I had the good fortune to be in Ubud during a day when the Hindu holy men read that it was a "good day." Why? Well, on the days deemed good and holy, people can be cremated with Bali Hindu ceremony. And luckily, there were some dead people that needed burnin'.
To the Hindu of Bali (and probably other Hindu, I'm just ignorant of them), the body is a shell for the soul and upon death, must be cremated in an elaborate ceremony befitting the ancestral spirit. The whole community can get involved depending on the significance of the person creating a spectacular event where hundreds or thousands of people are involved.
The body of the deceased is kept in the home until it is to be cremated, on a day that the holy men read is to be holy. Then, the body is carried in a tall, intricately detailed, golden multi-tiered pyre made of bamboo and covered in paper, tinsel, silk, cloth, mirrors and flowers. The pyre is carried by a ton of men (I'd guess at least a hundred in the example I saw) on a bamboo structure to the cemetery in a procession.
Apparently, the procession to the cemetery is designed to confuse the corpse so it cannot find it's way back home. This confusion is done by the men shaking the tower, running it in circles, simulating wars with it, hurling water at it, yelling at it and generally rough handling it. And all the while there is a high priest clinging onto the side of the tower trying throw holy water on bystanders. Then, behind the pyre and it's group of carriers is a band making all kinds of noise with cymbals, gongs and singing. The whole thing is quite a spectacle.
Once the tower reaches the cremation site, in this case at the cemetery inside the Sacred Monkey Forest, the body is moved from the pyre to a giant funeral sarcophagus that was carried by another group of men just in front of the pyre down to cemetery also being confused in the same manner as the. After the body is put into the sarcophagus, the thing is stuffed with all kinds of belongings and other things before everything is set on fire. The type of sarcophagus reflects the status of the person getting cremated, with a black bull being the highest status. Then the size of the tower and sarcophagus further reflect the status and wealth of the body.
On Sunday the 3rd of October, there were two people who were to be cremated. I sat and waited for them to arrive at the Sacred Monkey Forest, where I watched them get run on down behind a fire truck spraying water on the group the whole way down the road.

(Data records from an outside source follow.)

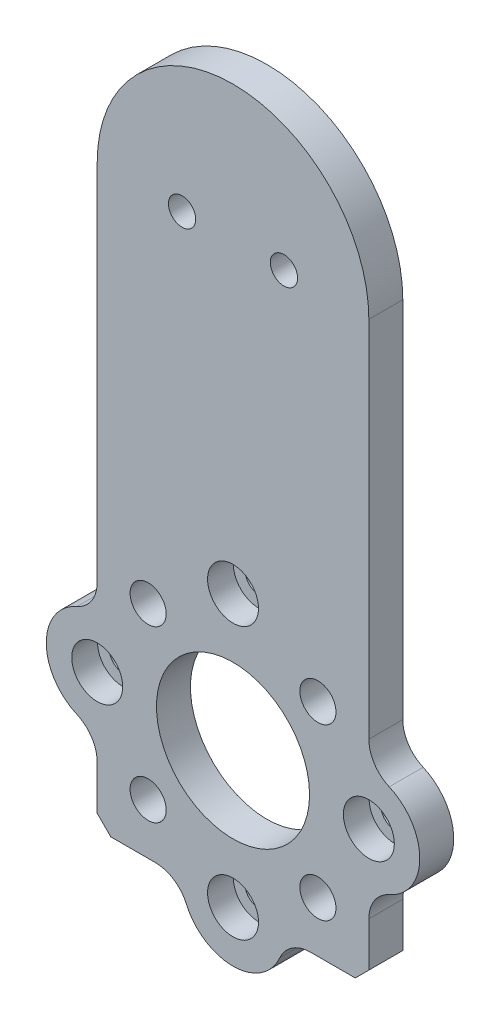
ISO-10303-21;
HEADER;
FILE_DESCRIPTION(('STEP AP214'),'2;1');
FILE_NAME('part.step','',(''),(''),'','','');
FILE_SCHEMA(('AUTOMOTIVE_DESIGN { 1 0 10303 214 1 1 1 1 }'));
ENDSEC;
DATA;
#1=APPLICATION_CONTEXT('core data for automotive mechanical design processes');
#2=APPLICATION_PROTOCOL_DEFINITION('international standard','automotive_design',2000,#1);
#3=PRODUCT_CONTEXT('',#1,'mechanical');
#4=PRODUCT('Part','Part','',(#3));
#5=PRODUCT_RELATED_PRODUCT_CATEGORY('part','',(#4));
#6=PRODUCT_DEFINITION_FORMATION('','',#4);
#7=PRODUCT_DEFINITION_CONTEXT('part definition',#1,'design');
#8=PRODUCT_DEFINITION('design','',#6,#7);
#9=PRODUCT_DEFINITION_SHAPE('','',#8);
#10=(LENGTH_UNIT() NAMED_UNIT(*) SI_UNIT(.MILLI.,.METRE.));
#11=(NAMED_UNIT(*) PLANE_ANGLE_UNIT() SI_UNIT($,.RADIAN.));
#12=(NAMED_UNIT(*) SI_UNIT($,.STERADIAN.) SOLID_ANGLE_UNIT());
#13=UNCERTAINTY_MEASURE_WITH_UNIT(LENGTH_MEASURE(1.E-05),#10,'distance_accuracy_value','');
#14=(GEOMETRIC_REPRESENTATION_CONTEXT(3) GLOBAL_UNCERTAINTY_ASSIGNED_CONTEXT((#13)) GLOBAL_UNIT_ASSIGNED_CONTEXT((#10,
#11,#12)) REPRESENTATION_CONTEXT('',''));
#15=CARTESIAN_POINT('',(0.,0.,0.));
#16=DIRECTION('',(0.,0.,1.));
#17=DIRECTION('',(1.,0.,0.));
#18=AXIS2_PLACEMENT_3D('',#15,#16,#17);
#19=CARTESIAN_POINT('',(0.,25.4,6.35));
#20=DIRECTION('',(0.,0.,-1.));
#21=DIRECTION('',(-1.,0.,0.));
#22=AXIS2_PLACEMENT_3D('',#19,#20,#21);
#23=PLANE('',#22);
#24=CARTESIAN_POINT('',(15.8749999999999,107.95,6.35));
#25=DIRECTION('',(0.,0.,-1.));
#26=DIRECTION('',(-1.,0.,0.));
#27=AXIS2_PLACEMENT_3D('',#24,#25,#26);
#28=CIRCLE('',#27,2.5527);
#29=CARTESIAN_POINT('',(13.3222999999999,107.95,6.35));
#30=VERTEX_POINT('',#29);
#31=EDGE_CURVE('E459',#30,#30,#28,.T.);
#32=ORIENTED_EDGE('',*,*,#31,.T.);
#33=EDGE_LOOP('',(#32));
#34=FACE_BOUND('',#33,.T.);
#35=CARTESIAN_POINT('',(34.9249999999999,107.95,6.35));
#36=DIRECTION('',(0.,0.,-1.));
#37=DIRECTION('',(-1.,0.,0.));
#38=AXIS2_PLACEMENT_3D('',#35,#36,#37);
#39=CIRCLE('',#38,2.5527);
#40=CARTESIAN_POINT('',(32.3722999999999,107.95,6.35));
#41=VERTEX_POINT('',#40);
#42=EDGE_CURVE('E451',#41,#41,#39,.T.);
#43=ORIENTED_EDGE('',*,*,#42,.T.);
#44=EDGE_LOOP('',(#43));
#45=FACE_BOUND('',#44,.T.);
#46=CARTESIAN_POINT('',(0.,25.4,6.35));
#47=DIRECTION('',(0.,0.,1.));
#48=DIRECTION('',(1.,0.,0.));
#49=AXIS2_PLACEMENT_3D('',#46,#47,#48);
#50=CIRCLE('',#49,4.7625);
#51=CARTESIAN_POINT('',(4.7625,25.4,6.35));
#52=VERTEX_POINT('',#51);
#53=EDGE_CURVE('E448',#52,#52,#50,.T.);
#54=ORIENTED_EDGE('',*,*,#53,.F.);
#55=EDGE_LOOP('',(#54));
#56=FACE_BOUND('',#55,.T.);
#57=CARTESIAN_POINT('',(50.8,25.4,6.35));
#58=DIRECTION('',(0.,0.,1.));
#59=DIRECTION('',(1.,0.,0.));
#60=AXIS2_PLACEMENT_3D('',#57,#58,#59);
#61=CIRCLE('',#60,4.7625);
#62=CARTESIAN_POINT('',(55.5625,25.4,6.35));
#63=VERTEX_POINT('',#62);
#64=EDGE_CURVE('E436',#63,#63,#61,.T.);
#65=ORIENTED_EDGE('',*,*,#64,.F.);
#66=EDGE_LOOP('',(#65));
#67=FACE_BOUND('',#66,.T.);
#68=CARTESIAN_POINT('',(25.4,0.,6.35));
#69=DIRECTION('',(0.,0.,1.));
#70=DIRECTION('',(1.,0.,0.));
#71=AXIS2_PLACEMENT_3D('',#68,#69,#70);
#72=CIRCLE('',#71,4.7625);
#73=CARTESIAN_POINT('',(30.1625,0.,6.35));
#74=VERTEX_POINT('',#73);
#75=EDGE_CURVE('E423',#74,#74,#72,.T.);
#76=ORIENTED_EDGE('',*,*,#75,.F.);
#77=EDGE_LOOP('',(#76));
#78=FACE_BOUND('',#77,.T.);
#79=CARTESIAN_POINT('',(25.4,50.8,6.35));
#80=DIRECTION('',(0.,0.,1.));
#81=DIRECTION('',(1.,0.,0.));
#82=AXIS2_PLACEMENT_3D('',#79,#80,#81);
#83=CIRCLE('',#82,4.7625);
#84=CARTESIAN_POINT('',(30.1625,50.8,6.35));
#85=VERTEX_POINT('',#84);
#86=EDGE_CURVE('E410',#85,#85,#83,.T.);
#87=ORIENTED_EDGE('',*,*,#86,.F.);
#88=EDGE_LOOP('',(#87));
#89=FACE_BOUND('',#88,.T.);
#90=DIRECTION('',(0.,-1.,0.));
#91=VECTOR('',#90,1.);
#92=CARTESIAN_POINT('',(0.,0.,6.35));
#93=LINE('',#92,#91);
#94=CARTESIAN_POINT('',(0.,10.8503221685152,6.35));
#95=VERTEX_POINT('',#94);
#96=CARTESIAN_POINT('',(0.,2.54000000000004,6.35));
#97=VERTEX_POINT('',#96);
#98=EDGE_CURVE('E254',#95,#97,#93,.T.);
#99=ORIENTED_EDGE('',*,*,#98,.T.);
#100=DIRECTION('',(-0.707106781186546,0.707106781186549,0.));
#101=VECTOR('',#100,1.);
#102=CARTESIAN_POINT('',(2.54000000000003,0.,6.35));
#103=LINE('',#102,#101);
#104=CARTESIAN_POINT('',(2.54000000000003,0.,6.35));
#105=VERTEX_POINT('',#104);
#106=EDGE_CURVE('E328',#97,#105,#103,.F.);
#107=ORIENTED_EDGE('',*,*,#106,.T.);
#108=DIRECTION('',(1.,0.,0.));
#109=VECTOR('',#108,1.);
#110=CARTESIAN_POINT('',(0.,0.,6.35));
#111=LINE('',#110,#109);
#112=CARTESIAN_POINT('',(10.8503221685152,0.,6.35));
#113=VERTEX_POINT('',#112);
#114=EDGE_CURVE('E360',#105,#113,#111,.T.);
#115=ORIENTED_EDGE('',*,*,#114,.T.);
#116=CARTESIAN_POINT('',(10.8503221685152,-6.35,6.35));
#117=DIRECTION('',(0.,0.,-1.));
#118=DIRECTION('',(-1.,0.,0.));
#119=AXIS2_PLACEMENT_3D('',#116,#117,#118);
#120=CIRCLE('',#119,6.35);
#121=CARTESIAN_POINT('',(16.6701933011091,-3.81,6.35));
#122=VERTEX_POINT('',#121);
#123=EDGE_CURVE('E311',#113,#122,#120,.T.);
#124=ORIENTED_EDGE('',*,*,#123,.T.);
#125=CARTESIAN_POINT('',(25.4,0.,6.35));
#126=DIRECTION('',(0.,0.,1.));
#127=DIRECTION('',(-1.,0.,0.));
#128=AXIS2_PLACEMENT_3D('',#125,#126,#127);
#129=CIRCLE('',#128,9.52500000000001);
#130=CARTESIAN_POINT('',(34.1298066988909,-3.81,6.35));
#131=VERTEX_POINT('',#130);
#132=EDGE_CURVE('E357',#122,#131,#129,.T.);
#133=ORIENTED_EDGE('',*,*,#132,.T.);
#134=CARTESIAN_POINT('',(39.9496778314848,-6.35,6.35));
#135=DIRECTION('',(0.,0.,-1.));
#136=DIRECTION('',(-1.,0.,0.));
#137=AXIS2_PLACEMENT_3D('',#134,#135,#136);
#138=CIRCLE('',#137,6.35);
#139=CARTESIAN_POINT('',(39.9496778314848,0.,6.35));
#140=VERTEX_POINT('',#139);
#141=EDGE_CURVE('E306',#131,#140,#138,.T.);
#142=ORIENTED_EDGE('',*,*,#141,.T.);
#143=DIRECTION('',(1.,0.,0.));
#144=VECTOR('',#143,1.);
#145=CARTESIAN_POINT('',(34.925,0.,6.35));
#146=LINE('',#145,#144);
#147=CARTESIAN_POINT('',(48.26,0.,6.35));
#148=VERTEX_POINT('',#147);
#149=EDGE_CURVE('E353',#140,#148,#146,.T.);
#150=ORIENTED_EDGE('',*,*,#149,.T.);
#151=DIRECTION('',(-0.70710678118655,-0.707106781186546,0.));
#152=VECTOR('',#151,1.);
#153=CARTESIAN_POINT('',(50.8,2.54,6.35));
#154=LINE('',#153,#152);
#155=CARTESIAN_POINT('',(50.8,2.54,6.35));
#156=VERTEX_POINT('',#155);
#157=EDGE_CURVE('E65',#148,#156,#154,.F.);
#158=ORIENTED_EDGE('',*,*,#157,.T.);
#159=DIRECTION('',(0.,1.,0.));
#160=VECTOR('',#159,1.);
#161=CARTESIAN_POINT('',(50.8,15.875,6.35));
#162=LINE('',#161,#160);
#163=CARTESIAN_POINT('',(50.8,10.8503221685152,6.35));
#164=VERTEX_POINT('',#163);
#165=EDGE_CURVE('E334',#156,#164,#162,.T.);
#166=ORIENTED_EDGE('',*,*,#165,.T.);
#167=CARTESIAN_POINT('',(57.15,10.8503221685152,6.35));
#168=DIRECTION('',(0.,0.,-1.));
#169=DIRECTION('',(-1.,0.,0.));
#170=AXIS2_PLACEMENT_3D('',#167,#168,#169);
#171=CIRCLE('',#170,6.35);
#172=CARTESIAN_POINT('',(54.61,16.6701933011091,6.35));
#173=VERTEX_POINT('',#172);
#174=EDGE_CURVE('E302',#164,#173,#171,.T.);
#175=ORIENTED_EDGE('',*,*,#174,.T.);
#176=CARTESIAN_POINT('',(50.8,25.4,6.35));
#177=DIRECTION('',(0.,0.,1.));
#178=DIRECTION('',(1.,0.,0.));
#179=AXIS2_PLACEMENT_3D('',#176,#177,#178);
#180=CIRCLE('',#179,9.525);
#181=CARTESIAN_POINT('',(54.61,34.1298066988909,6.35));
#182=VERTEX_POINT('',#181);
#183=EDGE_CURVE('E197',#173,#182,#180,.T.);
#184=ORIENTED_EDGE('',*,*,#183,.T.);
#185=CARTESIAN_POINT('',(57.15,39.9496778314848,6.35));
#186=DIRECTION('',(0.,0.,-1.));
#187=DIRECTION('',(-1.,0.,0.));
#188=AXIS2_PLACEMENT_3D('',#185,#186,#187);
#189=CIRCLE('',#188,6.35);
#190=CARTESIAN_POINT('',(50.8,39.9496778314848,6.35));
#191=VERTEX_POINT('',#190);
#192=EDGE_CURVE('E192',#182,#191,#189,.T.);
#193=ORIENTED_EDGE('',*,*,#192,.T.);
#194=DIRECTION('',(0.,1.,0.));
#195=VECTOR('',#194,1.);
#196=CARTESIAN_POINT('',(50.8,107.95,6.35));
#197=LINE('',#196,#195);
#198=CARTESIAN_POINT('',(50.8,107.95,6.35));
#199=VERTEX_POINT('',#198);
#200=EDGE_CURVE('E182',#191,#199,#197,.T.);
#201=ORIENTED_EDGE('',*,*,#200,.T.);
#202=CARTESIAN_POINT('',(25.3999999999999,107.95,6.35));
#203=DIRECTION('',(0.,0.,1.));
#204=DIRECTION('',(1.,0.,0.));
#205=AXIS2_PLACEMENT_3D('',#202,#203,#204);
#206=CIRCLE('',#205,25.4);
#207=CARTESIAN_POINT('',(0.,107.95,6.35));
#208=VERTEX_POINT('',#207);
#209=EDGE_CURVE('E188',#199,#208,#206,.T.);
#210=ORIENTED_EDGE('',*,*,#209,.T.);
#211=DIRECTION('',(0.,-1.,0.));
#212=VECTOR('',#211,1.);
#213=CARTESIAN_POINT('',(0.,34.925,6.35));
#214=LINE('',#213,#212);
#215=CARTESIAN_POINT('',(0.,39.9496778314848,6.35));
#216=VERTEX_POINT('',#215);
#217=EDGE_CURVE('E214',#208,#216,#214,.T.);
#218=ORIENTED_EDGE('',*,*,#217,.T.);
#219=CARTESIAN_POINT('',(-6.35,39.9496778314848,6.35));
#220=DIRECTION('',(0.,0.,-1.));
#221=DIRECTION('',(-1.,0.,0.));
#222=AXIS2_PLACEMENT_3D('',#219,#220,#221);
#223=CIRCLE('',#222,6.35);
#224=CARTESIAN_POINT('',(-3.81,34.1298066988909,6.35));
#225=VERTEX_POINT('',#224);
#226=EDGE_CURVE('E297',#216,#225,#223,.T.);
#227=ORIENTED_EDGE('',*,*,#226,.T.);
#228=CARTESIAN_POINT('',(0.,25.4,6.35));
#229=DIRECTION('',(0.,0.,1.));
#230=DIRECTION('',(-1.,0.,0.));
#231=AXIS2_PLACEMENT_3D('',#228,#229,#230);
#232=CIRCLE('',#231,9.525);
#233=CARTESIAN_POINT('',(-3.81,16.6701933011091,6.35));
#234=VERTEX_POINT('',#233);
#235=EDGE_CURVE('E219',#225,#234,#232,.T.);
#236=ORIENTED_EDGE('',*,*,#235,.T.);
#237=CARTESIAN_POINT('',(-6.35,10.8503221685152,6.35));
#238=DIRECTION('',(0.,0.,-1.));
#239=DIRECTION('',(-1.,0.,0.));
#240=AXIS2_PLACEMENT_3D('',#237,#238,#239);
#241=CIRCLE('',#240,6.35);
#242=EDGE_CURVE('E292',#234,#95,#241,.T.);
#243=ORIENTED_EDGE('',*,*,#242,.T.);
#244=EDGE_LOOP('',(#99,#107,#115,#124,#133,#142,#150,#158,#166,#175,#184,#193,#201,#210,#218,
#227,#236,#243));
#245=FACE_BOUND('',#244,.T.);
#246=CARTESIAN_POINT('',(41.275,9.525,6.35));
#247=DIRECTION('',(0.,0.,1.));
#248=DIRECTION('',(1.,0.,0.));
#249=AXIS2_PLACEMENT_3D('',#246,#247,#248);
#250=CIRCLE('',#249,3.3782);
#251=CARTESIAN_POINT('',(44.6532,9.525,6.35));
#252=VERTEX_POINT('',#251);
#253=EDGE_CURVE('E229',#252,#252,#250,.T.);
#254=ORIENTED_EDGE('',*,*,#253,.F.);
#255=EDGE_LOOP('',(#254));
#256=FACE_BOUND('',#255,.T.);
#257=CARTESIAN_POINT('',(9.52499999999999,9.525,6.35));
#258=DIRECTION('',(0.,0.,1.));
#259=DIRECTION('',(1.,0.,0.));
#260=AXIS2_PLACEMENT_3D('',#257,#258,#259);
#261=CIRCLE('',#260,3.3782);
#262=CARTESIAN_POINT('',(12.9032,9.525,6.35));
#263=VERTEX_POINT('',#262);
#264=EDGE_CURVE('E366',#263,#263,#261,.T.);
#265=ORIENTED_EDGE('',*,*,#264,.F.);
#266=EDGE_LOOP('',(#265));
#267=FACE_BOUND('',#266,.T.);
#268=CARTESIAN_POINT('',(9.52499999999999,41.275,6.35));
#269=DIRECTION('',(0.,0.,1.));
#270=DIRECTION('',(1.,0.,0.));
#271=AXIS2_PLACEMENT_3D('',#268,#269,#270);
#272=CIRCLE('',#271,3.3782);
#273=CARTESIAN_POINT('',(12.9032,41.275,6.35));
#274=VERTEX_POINT('',#273);
#275=EDGE_CURVE('E372',#274,#274,#272,.T.);
#276=ORIENTED_EDGE('',*,*,#275,.F.);
#277=EDGE_LOOP('',(#276));
#278=FACE_BOUND('',#277,.T.);
#279=CARTESIAN_POINT('',(41.275,41.275,6.35));
#280=DIRECTION('',(0.,0.,1.));
#281=DIRECTION('',(1.,0.,0.));
#282=AXIS2_PLACEMENT_3D('',#279,#280,#281);
#283=CIRCLE('',#282,3.3782);
#284=CARTESIAN_POINT('',(44.6532,41.275,6.35));
#285=VERTEX_POINT('',#284);
#286=EDGE_CURVE('E379',#285,#285,#283,.T.);
#287=ORIENTED_EDGE('',*,*,#286,.F.);
#288=EDGE_LOOP('',(#287));
#289=FACE_BOUND('',#288,.T.);
#290=CARTESIAN_POINT('',(25.4,25.4,6.35));
#291=DIRECTION('',(0.,0.,1.));
#292=DIRECTION('',(1.,0.,0.));
#293=AXIS2_PLACEMENT_3D('',#290,#291,#292);
#294=CIRCLE('',#293,14.3129);
#295=CARTESIAN_POINT('',(39.7129,25.4,6.35));
#296=VERTEX_POINT('',#295);
#297=EDGE_CURVE('E387',#296,#296,#294,.T.);
#298=ORIENTED_EDGE('',*,*,#297,.F.);
#299=EDGE_LOOP('',(#298));
#300=FACE_BOUND('',#299,.T.);
#301=ADVANCED_FACE('F49',(#34,#45,#56,#67,#78,#89,#245,#256,#267,#278,#289,#300),#23,.F.);
#302=CARTESIAN_POINT('',(0.,25.4,0.));
#303=DIRECTION('',(0.,0.,-1.));
#304=DIRECTION('',(-1.,0.,0.));
#305=AXIS2_PLACEMENT_3D('',#302,#303,#304);
#306=PLANE('',#305);
#307=CARTESIAN_POINT('',(15.8749999999999,107.95,0.));
#308=DIRECTION('',(0.,0.,-1.));
#309=DIRECTION('',(-1.,0.,0.));
#310=AXIS2_PLACEMENT_3D('',#307,#308,#309);
#311=CIRCLE('',#310,2.55269999999999);
#312=CARTESIAN_POINT('',(13.3222999999999,107.95,0.));
#313=VERTEX_POINT('',#312);
#314=EDGE_CURVE('E462',#313,#313,#311,.T.);
#315=ORIENTED_EDGE('',*,*,#314,.F.);
#316=EDGE_LOOP('',(#315));
#317=FACE_BOUND('',#316,.T.);
#318=CARTESIAN_POINT('',(34.9249999999999,107.95,0.));
#319=DIRECTION('',(0.,0.,-1.));
#320=DIRECTION('',(-1.,0.,0.));
#321=AXIS2_PLACEMENT_3D('',#318,#319,#320);
#322=CIRCLE('',#321,2.55269999999999);
#323=CARTESIAN_POINT('',(32.3722999999999,107.95,0.));
#324=VERTEX_POINT('',#323);
#325=EDGE_CURVE('E455',#324,#324,#322,.T.);
#326=ORIENTED_EDGE('',*,*,#325,.F.);
#327=EDGE_LOOP('',(#326));
#328=FACE_BOUND('',#327,.T.);
#329=CARTESIAN_POINT('',(0.,25.4,0.));
#330=DIRECTION('',(0.,0.,1.));
#331=DIRECTION('',(1.,0.,0.));
#332=AXIS2_PLACEMENT_3D('',#329,#330,#331);
#333=CIRCLE('',#332,2.5527);
#334=CARTESIAN_POINT('',(2.5527,25.4,0.));
#335=VERTEX_POINT('',#334);
#336=EDGE_CURVE('E439',#335,#335,#333,.T.);
#337=ORIENTED_EDGE('',*,*,#336,.T.);
#338=EDGE_LOOP('',(#337));
#339=FACE_BOUND('',#338,.T.);
#340=CARTESIAN_POINT('',(50.8,25.4,0.));
#341=DIRECTION('',(0.,0.,1.));
#342=DIRECTION('',(1.,0.,0.));
#343=AXIS2_PLACEMENT_3D('',#340,#341,#342);
#344=CIRCLE('',#343,2.5527);
#345=CARTESIAN_POINT('',(53.3527,25.4,0.));
#346=VERTEX_POINT('',#345);
#347=EDGE_CURVE('E426',#346,#346,#344,.T.);
#348=ORIENTED_EDGE('',*,*,#347,.T.);
#349=EDGE_LOOP('',(#348));
#350=FACE_BOUND('',#349,.T.);
#351=CARTESIAN_POINT('',(25.4,0.,0.));
#352=DIRECTION('',(0.,0.,1.));
#353=DIRECTION('',(1.,0.,0.));
#354=AXIS2_PLACEMENT_3D('',#351,#352,#353);
#355=CIRCLE('',#354,2.5527);
#356=CARTESIAN_POINT('',(27.9527,0.,0.));
#357=VERTEX_POINT('',#356);
#358=EDGE_CURVE('E414',#357,#357,#355,.T.);
#359=ORIENTED_EDGE('',*,*,#358,.T.);
#360=EDGE_LOOP('',(#359));
#361=FACE_BOUND('',#360,.T.);
#362=CARTESIAN_POINT('',(25.4,50.8,0.));
#363=DIRECTION('',(0.,0.,1.));
#364=DIRECTION('',(1.,0.,0.));
#365=AXIS2_PLACEMENT_3D('',#362,#363,#364);
#366=CIRCLE('',#365,2.5527);
#367=CARTESIAN_POINT('',(27.9527,50.8,0.));
#368=VERTEX_POINT('',#367);
#369=EDGE_CURVE('E395',#368,#368,#366,.T.);
#370=ORIENTED_EDGE('',*,*,#369,.T.);
#371=EDGE_LOOP('',(#370));
#372=FACE_BOUND('',#371,.T.);
#373=CARTESIAN_POINT('',(41.275,41.275,0.));
#374=DIRECTION('',(0.,0.,1.));
#375=DIRECTION('',(1.,0.,0.));
#376=AXIS2_PLACEMENT_3D('',#373,#374,#375);
#377=CIRCLE('',#376,3.3782);
#378=CARTESIAN_POINT('',(44.6532,41.275,0.));
#379=VERTEX_POINT('',#378);
#380=EDGE_CURVE('E383',#379,#379,#377,.T.);
#381=ORIENTED_EDGE('',*,*,#380,.T.);
#382=EDGE_LOOP('',(#381));
#383=FACE_BOUND('',#382,.T.);
#384=CARTESIAN_POINT('',(9.52499999999999,9.525,0.));
#385=DIRECTION('',(0.,0.,1.));
#386=DIRECTION('',(1.,0.,0.));
#387=AXIS2_PLACEMENT_3D('',#384,#385,#386);
#388=CIRCLE('',#387,3.3782);
#389=CARTESIAN_POINT('',(12.9032,9.525,0.));
#390=VERTEX_POINT('',#389);
#391=EDGE_CURVE('E369',#390,#390,#388,.T.);
#392=ORIENTED_EDGE('',*,*,#391,.T.);
#393=EDGE_LOOP('',(#392));
#394=FACE_BOUND('',#393,.T.);
#395=DIRECTION('',(1.,0.,0.));
#396=VECTOR('',#395,1.);
#397=CARTESIAN_POINT('',(0.,0.,0.));
#398=LINE('',#397,#396);
#399=CARTESIAN_POINT('',(2.54000000000003,0.,0.));
#400=VERTEX_POINT('',#399);
#401=CARTESIAN_POINT('',(10.8503221685152,0.,0.));
#402=VERTEX_POINT('',#401);
#403=EDGE_CURVE('E228',#400,#402,#398,.T.);
#404=ORIENTED_EDGE('',*,*,#403,.F.);
#405=DIRECTION('',(0.707106781186546,-0.707106781186549,0.));
#406=VECTOR('',#405,1.);
#407=CARTESIAN_POINT('',(-11.43,13.9700000000001,0.));
#408=LINE('',#407,#406);
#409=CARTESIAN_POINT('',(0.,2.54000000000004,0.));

Also, the people getting cremated were important people, so their sarcophagi were giant black bulls, one of which was probably 20 feet tall. When the men got to the forest though, the bamboo structures supporting the bulls and towers were too wide to enter, so another group of men had towhip out their hand saws and cut off a bunch of length from either side of the platform.
Once inside the cemetery, they place the bulls each under a big tent-like bamboo structure, and place the pyres behind them. They backs of the bulls were cut open along pre-arranged lines, and then I got to watch as the bodies were transferred. Once the bodies were transferred, some priests stuff belongings and other things into the bulls before they light them all on fire.
At the end it was really unique that I got to witness this, especially since it doesn't happen particularly often and the timing of the visit has to be right. Also, it was very weird, and a little unsettling, to watch two bodies get moved into the bulls and then lit on fire, right in front of me. Granted, I want to be cremated too, but I'm not expecting anybody to be watching.
For anybody who is going to be in Ubud near the end of October, there is supposedly a person of royalty that is getting cremated. It is supposed to draw people from all over Bali to see it. If you are in the area, you have to go and see it.